What the task asks: Both the line with "#133=FACE_BOUND('',#132,.T.);" and the line with "#147=EDGE_LOOP('',(#146));" in the records below must appear in the output, along with every line between them, exactly and with nothing added.

• • •

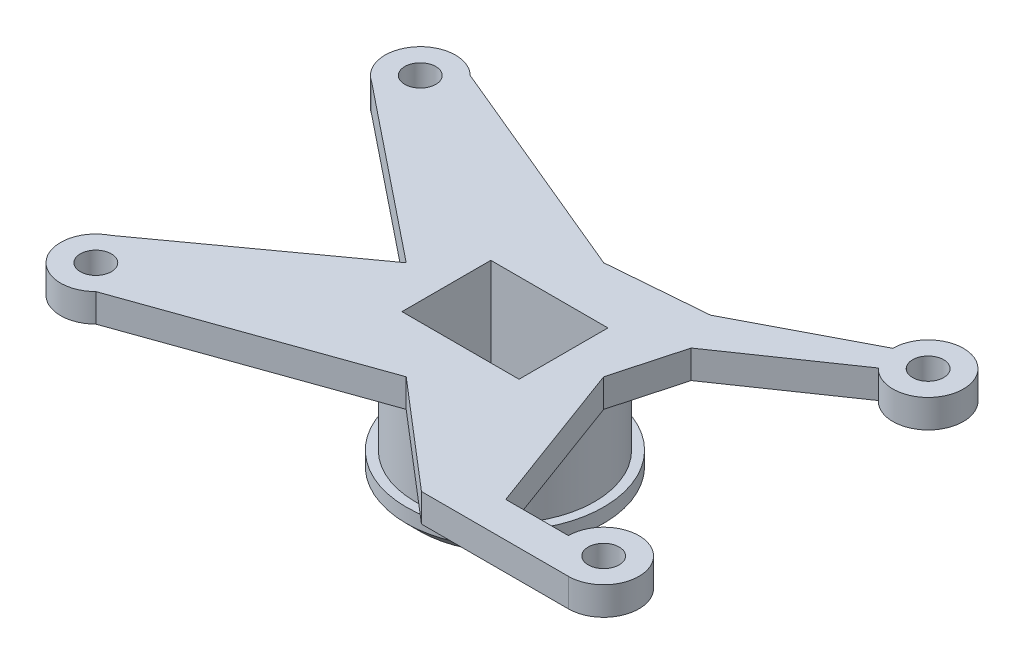
ISO-10303-21;
HEADER;
FILE_DESCRIPTION(('STEP AP214'),'2;1');
FILE_NAME('part.step','',(''),(''),'','','');
FILE_SCHEMA(('AUTOMOTIVE_DESIGN { 1 0 10303 214 1 1 1 1 }'));
ENDSEC;
DATA;
#1=APPLICATION_CONTEXT('core data for automotive mechanical design processes');
#2=APPLICATION_PROTOCOL_DEFINITION('international standard','automotive_design',2000,#1);
#3=PRODUCT_CONTEXT('',#1,'mechanical');
#4=PRODUCT('Part','Part','',(#3));
#5=PRODUCT_RELATED_PRODUCT_CATEGORY('part','',(#4));
#6=PRODUCT_DEFINITION_FORMATION('','',#4);
#7=PRODUCT_DEFINITION_CONTEXT('part definition',#1,'design');
#8=PRODUCT_DEFINITION('design','',#6,#7);
#9=PRODUCT_DEFINITION_SHAPE('','',#8);
#10=(LENGTH_UNIT() NAMED_UNIT(*) SI_UNIT(.MILLI.,.METRE.));
#11=(NAMED_UNIT(*) PLANE_ANGLE_UNIT() SI_UNIT($,.RADIAN.));
#12=(NAMED_UNIT(*) SI_UNIT($,.STERADIAN.) SOLID_ANGLE_UNIT());
#13=UNCERTAINTY_MEASURE_WITH_UNIT(LENGTH_MEASURE(1.E-05),#10,'distance_accuracy_value','');
#14=(GEOMETRIC_REPRESENTATION_CONTEXT(3) GLOBAL_UNCERTAINTY_ASSIGNED_CONTEXT((#13)) GLOBAL_UNIT_ASSIGNED_CONTEXT((#10,
#11,#12)) REPRESENTATION_CONTEXT('',''));
#15=CARTESIAN_POINT('',(0.,0.,0.));
#16=DIRECTION('',(0.,0.,1.));
#17=DIRECTION('',(1.,0.,0.));
#18=AXIS2_PLACEMENT_3D('',#15,#16,#17);
#19=CARTESIAN_POINT('',(0.,-5.,0.));
#20=DIRECTION('',(0.,1.,0.));
#21=DIRECTION('',(0.,0.,1.));
#22=AXIS2_PLACEMENT_3D('',#19,#20,#21);
#23=CYLINDRICAL_SURFACE('',#22,6.35);
#24=CARTESIAN_POINT('',(0.,0.35000000000001,0.));
#25=DIRECTION('',(0.,1.,0.));
#26=DIRECTION('',(0.,0.,1.));
#27=AXIS2_PLACEMENT_3D('',#24,#25,#26);
#28=CIRCLE('',#27,6.35);
#29=CARTESIAN_POINT('',(0.,0.35000000000001,6.35));
#30=VERTEX_POINT('',#29);
#31=EDGE_CURVE('E11',#30,#30,#28,.F.);
#32=ORIENTED_EDGE('',*,*,#31,.T.);
#33=EDGE_LOOP('',(#32));
#34=FACE_BOUND('',#33,.T.);
#35=CARTESIAN_POINT('',(0.,-5.,0.));
#36=DIRECTION('',(0.,1.,0.));
#37=DIRECTION('',(0.,0.,1.));
#38=AXIS2_PLACEMENT_3D('',#35,#36,#37);
#39=CIRCLE('',#38,6.35);
#40=CARTESIAN_POINT('',(0.,-5.,6.35));
#41=VERTEX_POINT('',#40);
#42=EDGE_CURVE('E293',#41,#41,#39,.T.);
#43=ORIENTED_EDGE('',*,*,#42,.T.);
#44=EDGE_LOOP('',(#43));
#45=FACE_BOUND('',#44,.T.);
#46=ADVANCED_FACE('F47',(#34,#45),#23,.T.);
#47=CARTESIAN_POINT('',(0.,-7.,0.));
#48=DIRECTION('',(0.,1.,0.));
#49=DIRECTION('',(0.,0.,1.));
#50=AXIS2_PLACEMENT_3D('',#47,#48,#49);
#51=CYLINDRICAL_SURFACE('',#50,7.);
#52=CARTESIAN_POINT('',(0.,-6.,0.));
#53=DIRECTION('',(0.,1.,0.));
#54=DIRECTION('',(0.,0.,1.));
#55=AXIS2_PLACEMENT_3D('',#52,#53,#54);
#56=CIRCLE('',#55,7.);
#57=CARTESIAN_POINT('',(0.,-6.,7.));
#58=VERTEX_POINT('',#57);
#59=EDGE_CURVE('E297',#58,#58,#56,.T.);
#60=ORIENTED_EDGE('',*,*,#59,.T.);
#61=EDGE_LOOP('',(#60));
#62=FACE_BOUND('',#61,.T.);
#63=CARTESIAN_POINT('',(0.,-5.,0.));
#64=DIRECTION('',(0.,1.,0.));
#65=DIRECTION('',(0.,0.,1.));
#66=AXIS2_PLACEMENT_3D('',#63,#64,#65);
#67=CIRCLE('',#66,7.);
#68=CARTESIAN_POINT('',(0.,-5.,7.));
#69=VERTEX_POINT('',#68);
#70=EDGE_CURVE('E281',#69,#69,#67,.T.);
#71=ORIENTED_EDGE('',*,*,#70,.F.);
#72=EDGE_LOOP('',(#71));
#73=FACE_BOUND('',#72,.T.);
#74=ADVANCED_FACE('F522',(#62,#73),#51,.T.);
#75=CARTESIAN_POINT('',(0.,-7.,0.));
#76=DIRECTION('',(0.,1.,0.));
#77=DIRECTION('',(0.,0.,1.));
#78=AXIS2_PLACEMENT_3D('',#75,#76,#77);
#79=PLANE('',#78);
#80=DIRECTION('',(-1.,0.,0.));
#81=VECTOR('',#80,1.);
#82=CARTESIAN_POINT('',(-4.15,-7.,3.15));
#83=LINE('',#82,#81);
#84=CARTESIAN_POINT('',(4.15,-7.,3.15));
#85=VERTEX_POINT('',#84);
#86=CARTESIAN_POINT('',(-4.15,-7.,3.15));
#87=VERTEX_POINT('',#86);
#88=EDGE_CURVE('E265',#85,#87,#83,.T.);
#89=ORIENTED_EDGE('',*,*,#88,.F.);
#90=DIRECTION('',(0.,0.,1.));
#91=VECTOR('',#90,1.);
#92=CARTESIAN_POINT('',(4.15,-7.,-3.15));
#93=LINE('',#92,#91);
#94=CARTESIAN_POINT('',(4.15,-7.,-3.15));
#95=VERTEX_POINT('',#94);
#96=EDGE_CURVE('E259',#95,#85,#93,.T.);
#97=ORIENTED_EDGE('',*,*,#96,.F.);
#98=DIRECTION('',(1.,0.,0.));
#99=VECTOR('',#98,1.);
#100=CARTESIAN_POINT('',(-4.15,-7.,-3.15));
#101=LINE('',#100,#99);
#102=CARTESIAN_POINT('',(-4.15,-7.,-3.15));
#103=VERTEX_POINT('',#102);
#104=EDGE_CURVE('E273',#103,#95,#101,.T.);
#105=ORIENTED_EDGE('',*,*,#104,.F.);
#106=DIRECTION('',(0.,0.,-1.));
#107=VECTOR('',#106,1.);
#108=CARTESIAN_POINT('',(-4.15,-7.,-3.15));
#109=LINE('',#108,#107);
#110=EDGE_CURVE('E269',#87,#103,#109,.T.);
#111=ORIENTED_EDGE('',*,*,#110,.F.);
#112=EDGE_LOOP('',(#89,#97,#105,#111));
#113=FACE_BOUND('',#112,.T.);
#114=CARTESIAN_POINT('',(0.,-7.,0.));
#115=DIRECTION('',(0.,1.,0.));
#116=DIRECTION('',(0.,0.,1.));
#117=AXIS2_PLACEMENT_3D('',#114,#115,#116);
#118=CIRCLE('',#117,5.99999999999999);
#119=CARTESIAN_POINT('',(0.,-7.,5.99999999999999));
#120=VERTEX_POINT('',#119);
#121=EDGE_CURVE('E301',#120,#120,#118,.F.);
#122=ORIENTED_EDGE('',*,*,#121,.T.);
#123=EDGE_LOOP('',(#122));
#124=FACE_BOUND('',#123,.T.);
#125=ADVANCED_FACE('F506',(#113,#124),#79,.F.);
#126=CARTESIAN_POINT('',(0.,-5.,0.));
#127=DIRECTION('',(0.,1.,0.));
#128=DIRECTION('',(0.,0.,1.));
#129=AXIS2_PLACEMENT_3D('',#126,#127,#128);
#130=PLANE('',#129);
#131=ORIENTED_EDGE('',*,*,#42,.F.);
#132=EDGE_LOOP('',(#131));
#133=FACE_BOUND('',#132,.T.);
#134=ORIENTED_EDGE('',*,*,#70,.T.);
#135=EDGE_LOOP('',(#134));
#136=FACE_BOUND('',#135,.T.);
#137=ADVANCED_FACE('F538',(#133,#136),#130,.T.);
#138=CARTESIAN_POINT('',(0.,-6.,0.));
#139=DIRECTION('',(0.,1.,0.));
#140=DIRECTION('',(0.,0.,1.));
#141=AXIS2_PLACEMENT_3D('',#138,#139,#140);
#142=CONICAL_SURFACE('',#141,7.,0.78539816339745);
#143=ORIENTED_EDGE('',*,*,#121,.F.);
#144=EDGE_LOOP('',(#143));
#145=FACE_BOUND('',#144,.T.);
#146=ORIENTED_EDGE('',*,*,#59,.F.);
#147=EDGE_LOOP('',(#146));
#148=FACE_BOUND('',#147,.T.);
#149=ADVANCED_FACE('F534',(#145,#148),#142,.T.);
#150=CARTESIAN_POINT('',(0.,1.00000000000002,0.));
#151=DIRECTION('',(0.,1.,0.));
#152=DIRECTION('',(0.,0.,1.));
#153=AXIS2_PLACEMENT_3D('',#150,#151,#152);
#154=CONICAL_SURFACE('',#153,7.,0.785398163397443);
#155=ORIENTED_EDGE('',*,*,#31,.F.);
#156=EDGE_LOOP('',(#155));
#157=FACE_BOUND('',#156,.T.);
#158=CARTESIAN_POINT('',(0.,1.00000000000002,0.));
#159=DIRECTION('',(0.,1.,0.));
#160=DIRECTION('',(0.,0.,1.));
#161=AXIS2_PLACEMENT_3D('',#158,#159,#160);
#162=CIRCLE('',#161,7.);
#163=CARTESIAN_POINT('',(0.,1.00000000000002,7.));
#164=VERTEX_POINT('',#163);
#165=CARTESIAN_POINT('',(7.,1.,0.));
#166=VERTEX_POINT('',#165);
#167=EDGE_CURVE('E57',#164,#166,#162,.T.);
#168=ORIENTED_EDGE('',*,*,#167,.F.);
#169=CARTESIAN_POINT('',(0.,1.,0.));
#170=DIRECTION('',(0.,1.,0.));
#171=DIRECTION('',(0.,0.,1.));
#172=AXIS2_PLACEMENT_3D('',#169,#170,#171);
#173=CIRCLE('',#172,6.99999999999998);
#174=CARTESIAN_POINT('',(-7.,1.00000000000002,0.));
#175=VERTEX_POINT('',#174);
#176=EDGE_CURVE('E255',#164,#175,#173,.F.);
#177=ORIENTED_EDGE('',*,*,#176,.T.);
#178=CARTESIAN_POINT('',(-2.36464493819089E-13,1.00000000000002,-7.));
#179=VERTEX_POINT('',#178);
#180=EDGE_CURVE('E260',#175,#179,#173,.F.);
#181=ORIENTED_EDGE('',*,*,#180,.T.);
#182=EDGE_CURVE('E261',#179,#166,#173,.F.);
#183=ORIENTED_EDGE('',*,*,#182,.T.);
#184=EDGE_LOOP('',(#168,#177,#181,#183));
#185=FACE_BOUND('',#184,.T.);
#186=ADVANCED_FACE('F50',(#157,#185),#154,.T.);
#187=CARTESIAN_POINT('',(4.15,2.,-3.15));
#188=DIRECTION('',(1.,0.,0.));
#189=DIRECTION('',(0.,0.,-1.));
#190=AXIS2_PLACEMENT_3D('',#187,#188,#189);
#191=PLANE('',#190);
#192=DIRECTION('',(0.,-1.,0.));
#193=VECTOR('',#192,1.);
#194=CARTESIAN_POINT('',(4.15,2.,-3.15));
#195=LINE('',#194,#193);
#196=CARTESIAN_POINT('',(4.15,3.,-3.15));
#197=VERTEX_POINT('',#196);
#198=EDGE_CURVE('E278',#197,#95,#195,.T.);
#199=ORIENTED_EDGE('',*,*,#198,.T.);
#200=ORIENTED_EDGE('',*,*,#96,.T.);
#201=DIRECTION('',(0.,-1.,0.));
#202=VECTOR('',#201,1.);
#203=CARTESIAN_POINT('',(4.15,2.,3.15));
#204=LINE('',#203,#202);
#205=CARTESIAN_POINT('',(4.15,3.,3.15));
#206=VERTEX_POINT('',#205);
#207=EDGE_CURVE('E277',#206,#85,#204,.T.);
#208=ORIENTED_EDGE('',*,*,#207,.F.);
#209=DIRECTION('',(0.,0.,-1.));
#210=VECTOR('',#209,1.);
#211=CARTESIAN_POINT('',(4.15,3.,3.15));
#212=LINE('',#211,#210);
#213=EDGE_CURVE('E453',#206,#197,#212,.T.);
#214=ORIENTED_EDGE('',*,*,#213,.T.);
#215=EDGE_LOOP('',(#199,#200,#208,#214));
#216=FACE_BOUND('',#215,.T.);
#217=ADVANCED_FACE('F500',(#216),#191,.F.);
#218=CARTESIAN_POINT('',(-4.15,2.,-3.15));
#219=DIRECTION('',(0.,0.,-1.));
#220=DIRECTION('',(-1.,0.,0.));
#221=AXIS2_PLACEMENT_3D('',#218,#219,#220);
#222=PLANE('',#221);
#223=DIRECTION('',(0.,-1.,0.));
#224=VECTOR('',#223,1.);
#225=CARTESIAN_POINT('',(-4.15,2.,-3.15));
#226=LINE('',#225,#224);
#227=CARTESIAN_POINT('',(-4.15,3.,-3.15));
#228=VERTEX_POINT('',#227);
#229=EDGE_CURVE('E282',#228,#103,#226,.T.);
#230=ORIENTED_EDGE('',*,*,#229,.T.);
#231=ORIENTED_EDGE('',*,*,#104,.T.);
#232=ORIENTED_EDGE('',*,*,#198,.F.);
#233=DIRECTION('',(-1.,0.,0.));
#234=VECTOR('',#233,1.);
#235=CARTESIAN_POINT('',(-4.15,3.,-3.15));
#236=LINE('',#235,#234);
#237=EDGE_CURVE('E483',#197,#228,#236,.T.);
#238=ORIENTED_EDGE('',*,*,#237,.T.);
#239=EDGE_LOOP('',(#230,#231,#232,#238));
#240=FACE_BOUND('',#239,.T.);
#241=ADVANCED_FACE('F511',(#240),#222,.F.);
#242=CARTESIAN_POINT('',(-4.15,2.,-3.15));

• • •

Answer:
#133=FACE_BOUND('',#132,.T.);
#134=ORIENTED_EDGE('',*,*,#70,.T.);
#135=EDGE_LOOP('',(#134));
#136=FACE_BOUND('',#135,.T.);
#137=ADVANCED_FACE('F538',(#133,#136),#130,.T.);
#138=CARTESIAN_POINT('',(0.,-6.,0.));
#139=DIRECTION('',(0.,1.,0.));
#140=DIRECTION('',(0.,0.,1.));
#141=AXIS2_PLACEMENT_3D('',#138,#139,#140);
#142=CONICAL_SURFACE('',#141,7.,0.78539816339745);
#143=ORIENTED_EDGE('',*,*,#121,.F.);
#144=EDGE_LOOP('',(#143));
#145=FACE_BOUND('',#144,.T.);
#146=ORIENTED_EDGE('',*,*,#59,.F.);
#147=EDGE_LOOP('',(#146));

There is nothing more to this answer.